“Crash-oom!” went a gun. “Crash-oom!” went a second, a third and a fourth.
“They’re firing at us!” said Ortho.
Puddicombe snorted. “Aye—powder! That’s rejoicements, that is. You don’t know these Arabs; when the cow calves they fire a gun; that’s their way o’ laughing. Why, I’ve seen the corsairs come home to Algiers with all the forts blazin’ like as if there was a bombardment on. You wait, we’ll open up in a minute. Ah, there you are!”
“Crash-oom!” bellowed the flagship ahead. “Zang! Zang!” thundered their own bow-chasers. “Crash-oom!” roared the ship astern, and the forts on either hand replied with deafening volleys. “Crack-wang! Crack-wang!” sang the little swivels. “Pop-pop-pop!” snapped the muskets ashore. In the lull came the noise of far cheering and the throb of drums and then the stunning explosions of the guns again.
“They’ve dowsed the mizzen,” said Puddicombe. “Foresail next and let go. We’m most there, son; see what I mean?”
They were taken off at dusk in a ferry float. The three ships were moored head and stern in a small river with walled towns on either hand, a town built upon red cliffs to the south, a town built upon a flat shore to the north. To the east lay marshes and low hills beyond, with the full moon rising over them.
The xebecs were surrounded by a mob of skiffs full of natives, all yelling and laughing and occasionally letting off a musket. One grossly overloaded boat, suddenly feeling its burden too great to bear, sank with all hands.
Its occupants did not mind in the least; they splashed about, bubbling with laughter, baled the craft out and climbed in again.

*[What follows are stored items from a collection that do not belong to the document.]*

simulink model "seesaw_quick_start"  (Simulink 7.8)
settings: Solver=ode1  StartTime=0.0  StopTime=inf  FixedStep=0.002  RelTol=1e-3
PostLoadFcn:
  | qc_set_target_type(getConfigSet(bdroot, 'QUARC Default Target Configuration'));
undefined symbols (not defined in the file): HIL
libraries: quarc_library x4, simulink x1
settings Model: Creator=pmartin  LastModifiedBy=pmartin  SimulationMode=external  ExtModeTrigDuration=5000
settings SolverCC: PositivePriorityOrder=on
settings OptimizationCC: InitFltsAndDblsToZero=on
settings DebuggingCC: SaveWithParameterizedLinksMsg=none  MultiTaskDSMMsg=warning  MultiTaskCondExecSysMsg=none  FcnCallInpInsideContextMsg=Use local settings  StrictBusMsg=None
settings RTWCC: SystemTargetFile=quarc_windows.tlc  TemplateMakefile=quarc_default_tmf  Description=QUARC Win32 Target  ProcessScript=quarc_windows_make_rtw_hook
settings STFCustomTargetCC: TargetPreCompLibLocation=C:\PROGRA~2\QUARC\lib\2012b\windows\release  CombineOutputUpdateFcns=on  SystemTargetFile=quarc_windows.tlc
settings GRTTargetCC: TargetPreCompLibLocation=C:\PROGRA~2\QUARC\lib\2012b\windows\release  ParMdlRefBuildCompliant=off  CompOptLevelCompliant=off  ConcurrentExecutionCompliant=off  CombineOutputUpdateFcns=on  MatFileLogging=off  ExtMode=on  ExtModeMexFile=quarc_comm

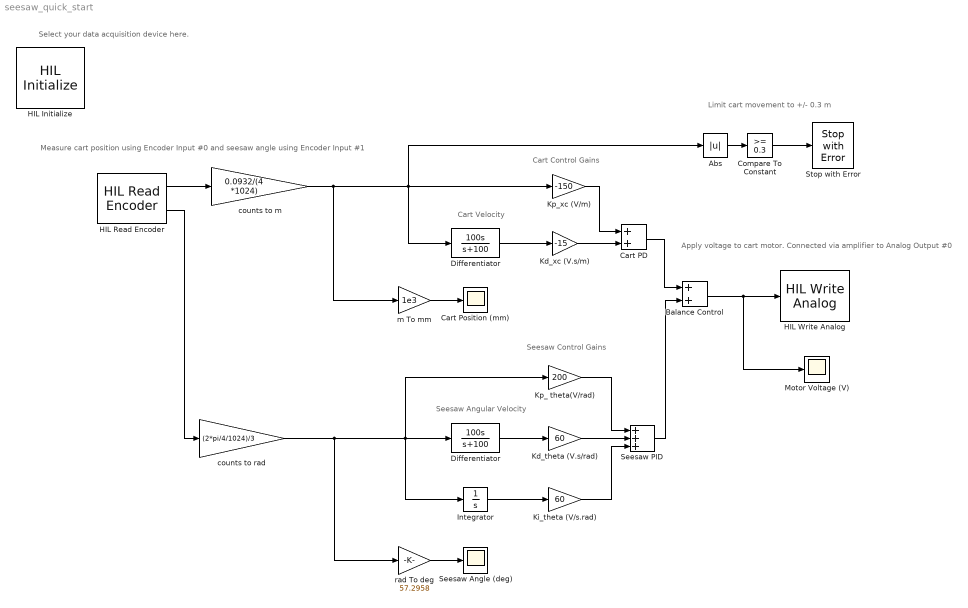
== system seesaw_quick_start ==
  note: Measure cart position using Encoder Input #0
      | and seesaw angle using Encoder Input #1
  note: Select your data acquisition device here.
  note: Cart Control Gains
  note: Cart Velocity
  note: Seesaw Angular Velocity
  note: Seesaw Control Gains
  note: Limit cart movement to +/- 0.3 m
  note: Apply voltage to cart motor.
      | Connected via amplifier to Analog Output #0
  Abs : Abs
  Balance Control : Sum
  Cart PD : Sum
  Cart Position (mm) : Scope
      settings: TickLabels=on  TimeRange=5  YMin=-25  YMax=25  SaveName=data_xc
  Compare To Constant : simulink/Logic and Bit Operations/Compare To Constant  relop=>=  const=0.3  OutDataTypeStr=boolean
  Differentiator : TransferFcn  Numerator=[100 0]  Denominator=[1 100]
  "Differentiator " : TransferFcn  Numerator=[100 0]  Denominator=[1 100]
  HIL Initialize : quarc_library/Data Acquisition/Generic/Configuration/HIL Initialize  object_name=HIL-1  board_type=q2_usb  board_number=0  board_options=d0=digital;d1=digital;led=auto;update_rate=normal  exclusive=off  active=off  hardware_clocks=[0:2]  clock_modes=[]  initial_clock_frequencies=[]  set_clock_params_at_start=off  set_clock_params_at_switch_in=off  set_clock_frequencies_at_start=off  set_clock_frequencies_at_switch_in=off  analog_input_channels=[0:1]  analog_input_maximums=10  analog_input_minimums=-10  set_analog_input_params_at_start=on  set_analog_input_params_at_switch_in=off  analog_output_channels=[0:1]  analog_output_maximums=10  analog_output_minimums=-10  initial_analog_outputs=[0]  final_analog_outputs=[0]  watchdog_analog_outputs=0  set_analog_output_params_at_start=on  set_analog_output_params_at_switch_in=off  set_analog_outputs_at_start=on  set_analog_outputs_at_switch_in=off  set_analog_outputs_at_terminate=on  set_analog_outputs_at_switch_out=off  set_analog_outputs_on_watchdog=off  digital_input_channels=[]  digital_output_channels=[0:7]  digital_output_configuration=[]  initial_digital_outputs=[0]  final_digital_outputs=[0]  watchdog_digital_outputs=[0]  set_digital_output_params_at_start=off  set_digital_output_params_at_switch_in=off  set_digital_outputs_at_start=on  set_digital_outputs_at_switch_in=off  set_digital_outputs_at_terminate=on  set_digital_outputs_at_switch_out=off  set_digital_outputs_on_watchdog=off  encoder_channels=[0:1]  quadrature=[4]  encoder_filter_frequency=[]  initial_encoder_counts=[0]  set_encoder_params_at_start=on  set_encoder_params_at_switch_in=off  set_encoder_counts_at_start=on  set_encoder_counts_at_switch_in=off  pwm_channels=[]  pwm_modes=[0]  pwm_frequency=1/0.020  pwm_configuration=[]  pwm_alignment=[]  pwm_polarity=[]  pwm_leading_deadband=[]  pwm_trailing_deadband=[]  initial_pwm_outputs=[0]  final_pwm_outputs=[0]  watchdog_pwm_outputs=[0]  set_pwm_params_at_start=on  set_pwm_params_at_switch_in=off  set_pwm_outputs_at_start=on  set_pwm_outputs_at_switch_in=off  set_pwm_outputs_at_terminate=on  set_pwm_outputs_at_switch_out=off  set_pwm_outputs_on_watchdog=off  other_output_channels=[]  initial_other_outputs=[]  final_other_outputs=[]  watchdog_other_outputs=[]  set_other_outputs_at_start=off  set_other_outputs_at_switch_in=off  set_other_outputs_at_terminate=off  set_other_outputs_at_switch_out=off  set_other_outputs_on_watchdog=off
  HIL Read Encoder : quarc_library/Data Acquisition/Generic/Immediate I//O/HIL Read Encoder  object_name=HIL-1  channels=[0:1]  sample_time=qc_get_step_size  active=on  vector_output=off  data_type_mode=Inherit via back propagation  data_type=double
  HIL Write Analog : quarc_library/Data Acquisition/Generic/Immediate I//O/HIL Write Analog  object_name=HIL-1  channels=0  sample_time=-1  active=off  vector_input=off
  Integrator : Integrator
  Kd_theta (V.s/rad) : Gain  Gain=60
  Kd_xc (V.s/m) : Gain  Gain=-15
  Ki_theta (V/s.rad) : Gain  Gain=60
  Kp_ theta(V/rad) : Gain  Gain=200
  Kp_xc (V/m) : Gain  Gain=-150
  Motor Voltage (V) : Scope
  Seesaw Angle (deg) : Scope
      settings: TimeRange=5  YMin=-32.5  YMax=32.5  SaveName=data_xjc
  Seesaw PID : Sum  Inputs=+++
  Stop with Error : quarc_library/Sinks/Error Handling/Stop with Error  message_type=Fixed error message  message=Cart position limit reached
      settings: AttributesFormatString="\"%<message>\""
  counts to m : Gain  Gain=0.0932/(4 *1024)  SaturateOnIntegerOverflow=on  OutDataTypeStr=Inherit: Same as input  ParamDataTypeStr=Inherit: Same as input
  "counts to rad " : Gain  Gain=(2*pi/4/1024)/3  SaturateOnIntegerOverflow=on  OutDataTypeStr=Inherit: Same as input  ParamDataTypeStr=Inherit: Same as input
  m To mm : Gain  Gain=1e3  SaturateOnIntegerOverflow=on  OutDataTypeStr=Inherit: Same as input  ParamDataTypeStr=Inherit: Same as input
  "rad To deg " : Gain  Gain=57.2958  SaturateOnIntegerOverflow=on  OutDataTypeStr=Inherit: Same as input  ParamDataTypeStr=Inherit: Same as input
  wires:
  HIL Read Encoder/1 -> counts to m/1
  HIL Read Encoder/2 -> "counts to rad "/1
  m To mm/1 -> Cart Position (mm)/1
  "rad To deg "/1 -> Seesaw Angle (deg)/1
  Kd_xc (V.s/m)/1 -> Cart PD/2
  Kp_xc (V/m)/1 -> Cart PD/1
  Kd_theta (V.s/rad)/1 -> Seesaw PID/2
  Kp_ theta(V/rad)/1 -> Seesaw PID/1
  Cart PD/1 -> Balance Control/1
  Seesaw PID/1 -> Balance Control/2
  Abs/1 -> Compare To Constant/1
  Balance Control/1 -> HIL Write Analog/1, Motor Voltage (V)/1
  counts to m/1 -> m To mm/1, Abs/1, Differentiator/1, Kp_xc (V/m)/1
  Differentiator/1 -> Kd_xc (V.s/m)/1
  "counts to rad "/1 -> "rad To deg "/1, Integrator/1, "Differentiator "/1, Kp_ theta(V/rad)/1
  "Differentiator "/1 -> Kd_theta (V.s/rad)/1
  Integrator/1 -> Ki_theta (V/s.rad)/1
  Ki_theta (V/s.rad)/1 -> Seesaw PID/3
  Compare To Constant/1 -> Stop with Error/1

The ferry deposited its freight of captives on the spit to the north, where they were joined by the prisoners from the other ships, including some women taken on the Dutch Indiaman. They were then marched over the sand flats towards the town, and all the way the native women alternately shrieked for joy or cursed them. They lined the track up to the town, shapeless bundles of white drapery, and hurled sand and abuse. One old hag left her long nail marks down Ortho’s cheek, another lifted her veil for a second and sprayed him with spittle.
“Kafir-b-Illah was rasool!” they screamed at the hated Christians. Then: “Zahrit! Zahrit! Zahrit!” would go the shrill joy cries.
Small boys with shorn heads and pigtails gamboled alongside, poking them with canes and egging their curs on to bite them, and in front of the procession a naked black wild man of the mountains went leaping, shaking his long hair, whooping and banging a goat-skin tambourine.